Faisant suite à la critique de concert parue quelques mois plus tôt, cet album paru chez Atma est l’une des sorties remarquables de la fin 2018. Le pianiste Jean-Philippe Sylvestre et l’Orchestre Métropolitain sous la baguette d’Alain Trudel y interprètent le Concerto pour piano no4 d’André Mathieu ainsi que la Rhapsodie sur un thème de Paganini de Rachmaninoff.

Dix ans après la sortie sur disque du Concerto posthume de Mathieu par Alain Lefèvre et l’Orchestre Symphonique de Tucson, l’œuvre ressurgit avec fougue, virtuosité et détermination. Le concerto doit beaucoup à Gilles Bellemare, qui, à partir de sources fragmentaires, a reconstruit et orchestré ce joyau post-romantique en cherchant à traduire fidèlement la pensée de Mathieu. On lui doit donc beaucoup plus que de simples talents d’arrangeur. Sous la baguette brûlante d’Alain Trudel, l’œuvre défile comme une locomotive lancée d’un bout à l’autre de la voie, sans superflu ni arrêt en gare.

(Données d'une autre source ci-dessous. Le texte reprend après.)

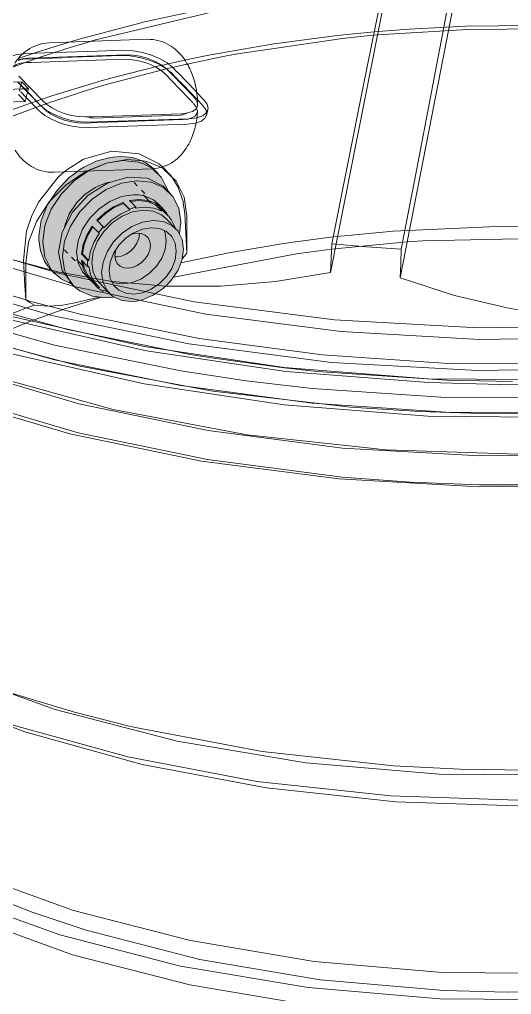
# Model space of a CAD drawing. Header units: metres. Extents: x -0.9 to 62, y -37.3 to 60.
# Drawn here: x 34.394 to 34.718, y 42.44 to 43.082 of the extents above; entities that cross this region are included whole.
import ezdxf

# ---------------------------------------------------------------- set-up
doc = ezdxf.new("R2010")
doc.units = ezdxf.units.M
doc.layers.add('P-PIPE', color=7, linetype='Continuous', lineweight=5)
doc.layers.add('P-SANR-FIXT', color=7, linetype='Continuous', lineweight=5)

# ---------------------------------------------------------------- blocks, each defined once
blk = doc.blocks.new('Caixa d_água de polietileno 1000 a 5000 Litros - Fortlev - 1000 L-3723394-3D_DT_05')
at = {"layer": 'P-SANR-FIXT', "true_color": 0x1d4581, "transparency": 33554560}
h = blk.add_hatch(color=156, dxfattribs=at)
h.paths.add_polyline_path([(12.01278, 42.89349), (12.0313, 42.89897), (12.02735, 42.89938), (12.0214, 42.89821), (12.01706, 42.89641), (12.01311, 42.89372)])
h.paths.add_polyline_path([(11.45857, 42.89636), (11.46083, 42.8969), (11.42152, 42.90575), (11.42454, 42.90317), (11.43231, 42.89977), (11.4422, 42.89889), (11.44649, 42.89947), (11.45207, 42.89703), (11.45724, 42.8965)])
h.paths.add_polyline_path([(11.13826, 43.01346), (11.13876, 43.01603), (11.13896, 43.02023), (11.1386, 43.02488), (11.13702, 43.03215), (11.13511, 43.03777), (11.13476, 43.03855), (11.11961, 43.05083), (11.11675, 43.05008), (11.11635, 43.05047), (11.11537, 43.05047), (11.11309, 43.0518), (11.11083, 43.05219), (11.10914, 43.05181), (11.10899, 43.05262), (11.10741, 43.05216), (11.10398, 43.05606), (11.09968, 43.05917), (11.09601, 43.06024), (11.09135, 43.05874), (11.11434, 43.0346), (11.11434, 43.03231), (11.13738, 43.01408)])
h.paths.add_polyline_path([(11.09832, 43.03137), (11.09512, 43.03868), (11.09071, 43.04626), (11.08537, 43.05261), (11.08126, 43.05584), (11.07679, 43.05714), (11.07134, 43.05545), (11.08745, 43.04034), (11.09663, 43.03276)])
h = blk.add_hatch(color=156, dxfattribs=at)
h.paths.add_polyline_path([(11.47353, 42.90108), (11.47954, 42.90534), (11.48035, 42.90653), (11.44293, 42.90994), (11.41414, 42.91466), (11.41511, 42.91369), (11.4615, 42.90334), (11.47316, 42.90115)])
h.paths.add_polyline_path([(11.1348, 43.03851), (11.13274, 43.04283), (11.13028, 43.04672), (11.12772, 43.0496), (11.12567, 43.05118), (11.12325, 43.05188), (11.12005, 43.05069), (11.13476, 43.03855)])
for points in [[(11.42292, 42.982), (11.47228, 42.98397), (11.46704, 42.98787), (11.46005, 42.99074), (11.45755, 42.99115), (11.45105, 42.99178), (11.4417, 42.99055), (11.43502, 42.98862), (11.42633, 42.98434), (11.423, 42.98206)], [(11.48067, 42.9065), (11.48499, 42.91108), (11.48932, 42.91812), (11.49161, 42.92411), (11.49251, 42.93084), (11.49159, 42.93719), (11.48965, 42.94107), (11.49065, 42.94855), (11.48925, 42.95785), (11.48544, 42.96546), (11.47895, 42.97227), (11.46863, 42.97749), (11.45578, 42.97815), (11.44168, 42.97382), (11.42974, 42.96624), (11.41923, 42.95472), (11.41264, 42.94199), (11.41029, 42.92871), (11.41286, 42.91647), (11.41419, 42.91494), (11.44835, 42.90925), (11.48035, 42.90653)], [(11.46126, 42.8968), (11.46658, 42.89793), (11.47353, 42.90108), (11.44746, 42.90627), (11.41504, 42.91341), (11.41939, 42.90766), (11.42152, 42.90591), (11.46083, 42.8969)]]:
    blk.add_hatch(color=156, dxfattribs=at).paths.add_polyline_path(points)
h = blk.add_hatch(color=156, dxfattribs=at)
h.paths.add_polyline_path([(12.21817, 42.83899), (12.21831, 42.83904), (12.22086, 42.86265), (12.21941, 42.86291), (12.21817, 42.86268), (12.20996, 42.85995), (12.20644, 42.85537), (12.20557, 42.85251), (12.20812, 42.85139), (12.21546, 42.84353), (12.21817, 42.83932)])
h.paths.add_polyline_path([(11.41903, 42.90806), (11.41668, 42.91109), (11.41252, 42.91738), (11.41029, 42.92871), (11.41307, 42.94283), (11.42004, 42.95573), (11.43056, 42.96676), (11.44267, 42.97436), (11.45594, 42.9782), (11.46921, 42.9772), (11.47946, 42.97175), (11.48225, 42.96882), (11.48213, 42.96964), (11.47794, 42.978), (11.47228, 42.98397), (11.47003, 42.98367), (11.42292, 42.982), (11.4182, 42.97863), (11.41546, 42.97597), (11.4088, 42.96882), (11.40234, 42.95831), (11.39869, 42.94839), (11.39728, 42.93761), (11.3975, 42.93558), (11.39856, 42.92909), (11.40148, 42.92231), (11.40617, 42.91646), (11.41275, 42.91081), (11.41849, 42.9083)])
at = {"layer": 'P-SANR-FIXT', "color": 8, "true_color": 0x808080}
blk.add_line((11.63494, 42.91186), (11.71637, 43.32887), dxfattribs=at)
at = {"layer": 'P-SANR-FIXT', "color": 157, "true_color": 0x4e6280}
for p, q in [((11.66496, 43.29815), (11.58908, 42.91543)), ((11.43377, 43.06829), (11.43041, 43.06731)), ((11.49482, 43.05263), (11.51741, 43.05735)), ((11.51741, 43.05735), (11.52641, 43.05907)), ((11.63951, 42.93564), (11.59206, 42.9311)), ((11.64956, 42.93631), (11.63966, 42.93565)), ((11.70089, 42.84172), (11.74831, 42.84212)), ((11.64184, 42.7774), (11.68714, 42.77567)), ((11.68726, 42.77567), (11.73276, 42.77556)), ((11.42086, 42.626), (11.45668, 42.6168)), ((11.39299, 42.49439), (11.35929, 42.50754)), ((11.42832, 42.48259), (11.39299, 42.49439)), ((11.74674, 42.44232), (11.70548, 42.44181))]:
    blk.add_line(p, q, dxfattribs=at)
at = {"layer": 'P-SANR-FIXT', "color": 167, "true_color": 0x355380}
for p, q in [((11.46484, 43.07991), (11.50561, 43.0888)), ((11.64086, 43.07569), (11.62045, 43.07414)), ((11.67813, 43.07752), (11.64087, 43.07569)), ((11.72059, 43.07805), (11.67824, 43.07752)), ((11.61741, 43.07158), (11.61999, 43.07181)), ((11.43041, 43.06731), (11.41345, 43.06213)), ((11.5519, 43.06599), (11.51141, 43.05895)), ((11.39684, 43.05666), (11.37402, 43.04848)), ((11.4132, 43.06205), (11.4077, 43.06028)), ((11.51135, 43.05894), (11.49503, 43.05559)), ((11.48525, 43.05046), (11.49355, 43.05235)), ((11.49475, 43.05553), (11.49347, 43.05526)), ((11.49376, 43.0524), (11.49482, 43.05263)), ((11.4058, 43.02781), (11.42045, 43.03264)), ((11.42059, 43.03269), (11.42843, 43.03514)), ((11.39873, 43.02535), (11.40202, 43.0265)), ((11.40248, 43.02666), (11.40463, 43.02741)), ((11.40474, 43.02744), (11.4058, 43.02781)), ((11.37526, 43.01663), (11.39526, 43.02412)), ((11.42797, 42.98177), (11.42904, 42.98233)), ((11.47685, 42.98499), (11.4792, 42.98358)), ((11.48374, 42.97975), (11.47846, 42.98526)), ((11.49329, 42.95404), (11.49192, 42.963)), ((11.49295, 42.96494), (11.49473, 42.95255)), ((11.49473, 42.95255), (11.49473, 42.92805)), ((11.76736, 42.94447), (11.70345, 42.94582)), ((11.5909, 42.93879), (11.56616, 42.93558)), ((11.52334, 42.92852), (11.49071, 42.92177)), ((11.49208, 42.92488), (11.49473, 42.92805)), ((11.59206, 42.9311), (11.59001, 42.93085)), ((11.38722, 42.92336), (11.38768, 42.91513)), ((11.38867, 42.91486), (11.38867, 42.92187)), ((11.49165, 42.92438), (11.49192, 42.92469)), ((11.43845, 42.89927), (11.413, 42.89103)), ((11.55858, 42.85262), (11.51223, 42.85894)), ((11.70887, 42.84367), (11.66582, 42.84448))]:
    blk.add_line(p, q, dxfattribs=at)
at = {"layer": 'P-SANR-FIXT', "color": 167, "true_color": 0x284b80}
for p, q in [((11.62045, 43.07414), (11.61788, 43.07391)), ((11.39599, 43.06039), (11.41666, 43.06689)), ((11.39407, 43.05976), (11.39596, 43.06038)), ((11.4077, 43.06028), (11.39694, 43.0567)), ((11.47821, 43.05183), (11.4447, 43.04334)), ((11.48117, 43.04949), (11.48506, 43.05041)), ((11.49208, 43.05496), (11.48243, 43.05281)), ((11.49331, 43.05522), (11.49237, 43.05502)), ((11.44069, 43.04222), (11.43588, 43.04086)), ((11.44467, 43.04333), (11.44076, 43.04224)), ((11.40592, 43.0317), (11.39958, 43.02959)), ((11.39237, 43.02713), (11.37457, 43.0207)), ((11.39526, 43.02412), (11.39822, 43.02517)), ((11.39932, 43.0295), (11.39573, 43.02829)), ((11.47845, 42.98527), (11.47622, 42.98705)), ((11.41473, 42.98233), (11.41419, 42.98189)), ((11.48416, 42.97921), (11.48374, 42.97975)), ((11.59363, 42.93911), (11.5909, 42.93879)), ((11.38867, 42.89737), (11.38867, 42.91486)), ((11.41275, 42.89095), (11.39192, 42.88343)), ((11.39175, 42.88337), (11.36053, 42.87064))]:
    blk.add_line(p, q, dxfattribs=at)
at = {"layer": 'P-SANR-FIXT', "color": 167, "true_color": 0x224780}
for p, q in [((11.38481, 43.05663), (11.38514, 43.05674)), ((11.38541, 43.05684), (11.38714, 43.05743)), ((11.38728, 43.05748), (11.38875, 43.05798)), ((11.38894, 43.05804), (11.39024, 43.05848)), ((11.3905, 43.05857), (11.39394, 43.05972)), ((11.4797, 43.05218), (11.47823, 43.05184)), ((11.48243, 43.05281), (11.47982, 43.05221)), ((11.39561, 43.02824), (11.39237, 43.02713)), ((11.38863, 42.89193), (11.34636, 42.87489)), ((11.39437, 42.89401), (11.38883, 42.89201)), ((11.39437, 42.89401), (11.40313, 42.89329))]:
    blk.add_line(p, q, dxfattribs=at)
at = {"layer": 'P-SANR-FIXT', "color": 8, "true_color": 0x808080}
for points in [[(11.0412, 43.06538, 0), (11.09104, 43.02088, 0), (11.1507, 42.98016, 0), (11.21922, 42.94384, 0), (11.29552, 42.91251, 0), (11.37841, 42.88665, 0), (11.46658, 42.86667, 0), (11.55863, 42.85289, 0), (11.65312, 42.84552, 0), (11.74855, 42.84469, 0)], [(11.07185, 43.08968, 0), (11.12161, 43.04553, 0), (11.18149, 43.0053, 0), (11.25047, 42.96969, 0), (11.32735, 42.9393, 0), (11.41084, 42.91466, 0), (11.49949, 42.89619, 0), (11.5918, 42.8842, 0), (11.68618, 42.8789, 0), (11.78102, 42.88038, 0), (11.87469, 42.88862, 0), (11.96559, 42.90346, 0), (12.05218, 42.92467, 0), (12.13296, 42.95187, 0), (12.20655, 42.9846, 0), (12.27169, 43.0223, 0), (12.32728, 43.06433, 0), (12.37236, 43.10997, 0), (12.40615, 43.15843, 0), (12.42808, 43.20888, 0), (12.43778, 43.26047, 0), (12.43507, 43.31232, 0), (12.42001, 43.36352, 0)], [(11.67654, 43.34777, 0), (11.66423, 43.29628, 0), (11.653, 43.24463, 0), (11.64219, 43.19294, 0), (11.63159, 43.14124, 0), (11.62112, 43.08952, 0), (11.61072, 43.0378, 0), (11.60037, 42.98607, 0), (11.59005, 42.93434, 0)], [(11.63568, 42.93079, 0), (11.64561, 42.98255, 0), (11.6555, 43.03431, 0), (11.66534, 43.08608, 0), (11.6751, 43.13785, 0), (11.68475, 43.18962, 0), (11.69419, 43.24142, 0), (11.7032, 43.29324, 0), (11.7111, 43.34507, 0)], [(11.0412, 43.04077, 0), (11.09104, 42.99628, 0), (11.1507, 42.95555, 0), (11.21922, 42.91924, 0), (11.29552, 42.8879, 0), (11.37841, 42.86204, 0), (11.46658, 42.84206, 0), (11.55863, 42.82828, 0), (11.65312, 42.82092, 0), (11.74855, 42.82008, 0), (11.84342, 42.82579, 0), (11.93623, 42.83796, 0), (12.02552, 42.85639, 0), (12.10988, 42.88079, 0), (12.18798, 42.91077, 0), (12.25859, 42.94587, 0), (12.32059, 42.98554, 0), (12.37301, 43.02913, 0), (12.41502, 43.07598, 0), (12.44596, 43.12533, 0), (12.46535, 43.17642, 0), (12.47286, 43.22842, 0), (12.47294, 43.23732, 0)], [(11.58908, 42.91543, 0), (11.55305, 42.90949, 0), (11.51692, 42.90648, 0), (11.48098, 42.90647, 0), (11.4455, 42.90949, 0), (11.41077, 42.91554, 0), (11.37705, 42.92457, 0), (11.3446, 42.93653, 0), (11.31365, 42.95131, 0), (11.28442, 42.96878, 0), (11.25709, 42.9888, 0), (11.23183, 43.01117, 0)], [(12.04588, 42.81948, 0), (12.04443, 42.81906, 0), (11.95983, 42.79834, 0), (11.871, 42.78383, 0), (11.77946, 42.77578, 0), (11.68679, 42.77434, 0), (11.59456, 42.77952, 0), (11.50437, 42.79123, 0), (11.41774, 42.80928, 0), (11.33616, 42.83336, 0), (11.26102, 42.86305, 0), (11.19363, 42.89785, 0), (11.13511, 42.93716, 0), (11.08905, 42.97769, 0)], [(12.0269, 42.94919, 0), (11.99537, 42.93125, 0), (11.96228, 42.91595, 0), (11.92784, 42.90344, 0), (11.89229, 42.89384, 0), (11.85587, 42.88725, 0), (11.81887, 42.88372, 0), (11.78157, 42.88329, 0), (11.74425, 42.88595, 0), (11.70719, 42.89165, 0), (11.67066, 42.90032, 0), (11.63494, 42.91186, 0)], [(11.59005, 42.93434, 0), (11.58956, 42.92489, 0), (11.58908, 42.91543, 0)], [(11.59005, 42.93434, 0), (11.61281, 42.93236, 0), (11.63568, 42.93079, 0)], [(11.63494, 42.91186, 0), (11.63531, 42.92132, 0), (11.63568, 42.93079, 0)], [(12.14685, 42.65715, 0), (12.13291, 42.65065, 0), (12.05993, 42.62198, 0), (11.98049, 42.599, 0), (11.89606, 42.58215, 0), (11.80823, 42.57174, 0), (11.71862, 42.56797, 0), (11.62891, 42.5709, 0), (11.54076, 42.58048, 0), (11.45582, 42.59653, 0), (11.37566, 42.61876, 0), (11.3018, 42.64675, 0), (11.23559, 42.67997, 0), (11.17827, 42.71781, 0), (11.13091, 42.75956, 0)], [(11.31704, 42.64002, 0), (11.38817, 42.61307, 0), (11.46535, 42.59167, 0), (11.54714, 42.57621, 0), (11.63202, 42.56698, 0), (11.71841, 42.56416, 0), (11.8047, 42.56779, 0), (11.88928, 42.57782, 0), (11.97057, 42.59404, 0), (12.04707, 42.61617, 0), (12.11734, 42.64378, 0)], [(12.14675, 42.53401, 0), (12.14208, 42.53149, 0), (12.07502, 42.50056, 0), (12.00058, 42.47516, 0), (11.92029, 42.45581, 0), (11.83578, 42.4429, 0), (11.74877, 42.4367, 0), (11.66103, 42.43733, 0), (11.57435, 42.44478, 0), (11.49049, 42.45889, 0), (11.41116, 42.47939, 0), (11.33797, 42.50585, 0), (11.27241, 42.53773, 0), (11.21583, 42.57439, 0), (11.16936, 42.61508, 0)], [(11.18439, 42.59831, 0), (11.22958, 42.55875, 0), (11.2846, 42.52311, 0), (11.34834, 42.4921, 0), (11.4195, 42.46638, 0), (11.49664, 42.44645, 0), (11.57818, 42.43272, 0), (11.66247, 42.42548, 0), (11.74778, 42.42487, 0), (11.83239, 42.4309, 0), (11.91456, 42.44345, 0), (11.99263, 42.46226, 0), (12.065, 42.48696, 0), (12.13021, 42.51704, 0), (12.14688, 42.52627, 0)]]:
    blk.add_polyline3d(points, dxfattribs=at)
at = {"layer": 'P-SANR-FIXT', "color": 157, "true_color": 0x4e6280}
for points in [[(11.28096, 42.92699, 0), (11.32096, 42.91224, 0), (11.40583, 42.8872, 0), (11.49596, 42.86842, 0), (11.58979, 42.85623, 0), (11.68573, 42.85084, 0), (11.78214, 42.85234, 0), (11.87737, 42.86071, 0), (11.96978, 42.87581, 0), (12.0578, 42.89736, 0), (12.13992, 42.92501, 0), (12.21473, 42.95829, 0), (12.28095, 42.99662, 0), (12.33746, 43.03934, 0), (12.38328, 43.08573, 0), (12.41764, 43.135, 0)], [(11.59193, 43.0994, 0), (11.5117, 43.08707, 0), (11.43377, 43.06829, 0)], [(11.61999, 43.07181, 0), (11.67918, 43.07537, 0), (11.73109, 43.07576, 0)], [(11.52655, 43.05909, 0), (11.59711, 43.06952, 0), (11.61729, 43.07157, 0)], [(11.53356, 42.84419, 0), (11.49076, 42.85065, 0), (11.4076, 42.86763, 0), (11.32867, 42.88983, 0), (11.25505, 42.91694, 0), (11.18776, 42.94859, 0), (11.12773, 42.98433, 0), (11.07579, 43.02368, 0)], [(11.07579, 43.01401, 0), (11.12773, 42.97466, 0), (11.18776, 42.93892, 0), (11.25505, 42.90727, 0), (11.32867, 42.88016, 0), (11.4076, 42.85796, 0), (11.49076, 42.84098, 0), (11.57698, 42.82945, 0), (11.66509, 42.82353, 0), (11.75385, 42.82331, 0), (11.84205, 42.82878, 0), (11.92847, 42.83987, 0), (12.01191, 42.85643, 0)], [(11.07579, 43.01367, 0), (11.13002, 42.97279, 0), (11.19301, 42.93582, 0), (11.26379, 42.90334, 0), (11.3413, 42.87583, 0), (11.42437, 42.8537, 0), (11.51178, 42.83728, 0), (11.60219, 42.82683, 0), (11.64798, 42.82389, 0)], [(11.12639, 42.97093, 0), (11.14681, 42.95429, 0), (11.20414, 42.91578, 0), (11.27018, 42.88169, 0), (11.34379, 42.85259, 0), (11.42371, 42.82901, 0), (11.50859, 42.81132, 0), (11.59696, 42.79984, 0), (11.68732, 42.79477, 0), (11.77812, 42.79618, 0), (11.8678, 42.80407, 0), (11.95483, 42.81828, 0), (12.01302, 42.83178, 0)], [(11.82181, 42.93247, 0), (11.81752, 42.93292, 0), (11.73377, 42.93806, 0), (11.64956, 42.93631, 0)], [(11.86897, 42.88078, 0), (11.77861, 42.87284, 0), (11.68712, 42.87141, 0), (11.59608, 42.87652, 0), (11.50704, 42.88809, 0), (11.42152, 42.90591, 0), (11.34098, 42.92968, 0)], [(11.58977, 42.93082, 0), (11.56677, 42.92773, 0), (11.48724, 42.91249, 0), (11.48562, 42.9121, 0)], [(11.25958, 42.92436, 0), (11.29827, 42.90949, 0), (11.38062, 42.8838, 0), (11.4682, 42.86395, 0), (11.55965, 42.85026, 0), (11.65351, 42.84295, 0), (11.70081, 42.84172, 0)], [(11.28643, 42.87741, 0), (11.36306, 42.84838, 0), (11.44621, 42.82533, 0), (11.53432, 42.80867, 0), (11.62577, 42.79873, 0), (11.71883, 42.79569, 0), (11.81179, 42.79961, 0), (11.90291, 42.81041, 0), (11.99049, 42.82788, 0), (12.0122, 42.83341, 0)], [(11.26923, 42.86277, 0), (11.343, 42.83362, 0), (11.4231, 42.80998, 0), (11.50815, 42.79225, 0)], [(11.64811, 42.82388, 0), (11.69426, 42.82249, 0), (11.78662, 42.82433, 0), (11.87787, 42.83233, 0), (11.96665, 42.84636, 0), (12.02566, 42.85942, 0)], [(11.92847, 42.84954, 0), (11.84205, 42.83845, 0), (11.75385, 42.83298, 0), (11.66509, 42.8332, 0), (11.57698, 42.83912, 0), (11.53356, 42.84419, 0)], [(11.50815, 42.79225, 0), (11.59671, 42.78075, 0), (11.64184, 42.7774, 0)], [(11.32263, 42.6594, 0), (11.33417, 42.65443, 0), (11.4081, 42.6277, 0), (11.48824, 42.607, 0), (11.57295, 42.59274, 0), (11.66051, 42.58522, 0)], [(11.34518, 42.65067, 0), (11.38225, 42.63763, 0), (11.42086, 42.626, 0)], [(11.18531, 42.62725, 0), (11.23041, 42.58775, 0), (11.28534, 42.55217, 0), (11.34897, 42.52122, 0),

Au hasard des influences de Gershwin, Prokofiev, Ravel et bien sûr Rachmaninoff, le pianiste Jean-Philippe Sylvestre y navigue avec une aisance remarquable, incarnant un répertoire qui lui ressemble. Son jeu franc, linéaire et dénué de rubato nous permet une compréhension quasi-immédiate des phrases et des structures, pourtant volontairement éclatées dans l’écriture de Mathieu aux rythmiques très changeantes. Improvisateur hors pair, comme l’était Mathieu, Sylvestre fait ressortir cette composante du discours sans jamais trahir les lignes ou le matériau, se permettant de temps à autres une pointe d’ironie ou un grain de folie qui ajoutent du mordant à l’œuvre.

La cohésion entre soliste et orchestre n’est jamais démentie. Alain Trudel et l’OM sont très attentifs aux soubresauts du pianiste tout en menant d’un bout à l’autre, avec détermination mais sans empressement, les trois mouvements nous plongeant dans tous les états d’âme romantiques, élans lyriques ou tourments lugubres, impulsions imprévisibles ou plénitude insouciante, totalisant 34 minutes contre 41 pour la version d’Alain Lefèvre/George Hanson.

Écho à un précédent disque de Jean-Philippe Sylvestre paru chez Atma, Mathieu est de nouveau couplé à Rachmaninoff, qui fut son mentor et qui voyait en Mathieu son digne successeur. La Rhapsodie sur un thème de Paganini a bien des points communs avec le concerto posthume : un discours précis et franc, des teintes d’humour, des élans de virtuosité où les doigts du pianiste semble caresser des nuages… un choix judicieux qui place l’œuvre de Mathieu dans une filiation évidente.

Seul bémol, la prise de son ne rend pas honneur à cette prestation enregistrée lors du Festival Classica à l’église de Saint-Constant. Orchestre et solistes sont trop loin, on perd toutes les subtilités du piano qui est fréquemment noyé. par l’orchestre dans les nuances douces, quel dommage ! Malgré cela, cet album du Concerto de Mathieu-Bellemare, agrémenté d’une très bon livret explicatif signé Georges Nicholson, révèle un bijou du répertoire québécois et on espère que les protagonistes le mettront de nouveau au programme afin que les Québécois puissent se réjouir de ce chef-d’œuvre ressuscité. On pourra entendre Jean-Philippe Sylvestre en duo avec Alexandre Da Costa le 21 février prochain à Repentigny, puis lors de l’Intégrale Chopin à Sorel-Tracy en mars et au Festival Classica de Saint-Lambert en juin.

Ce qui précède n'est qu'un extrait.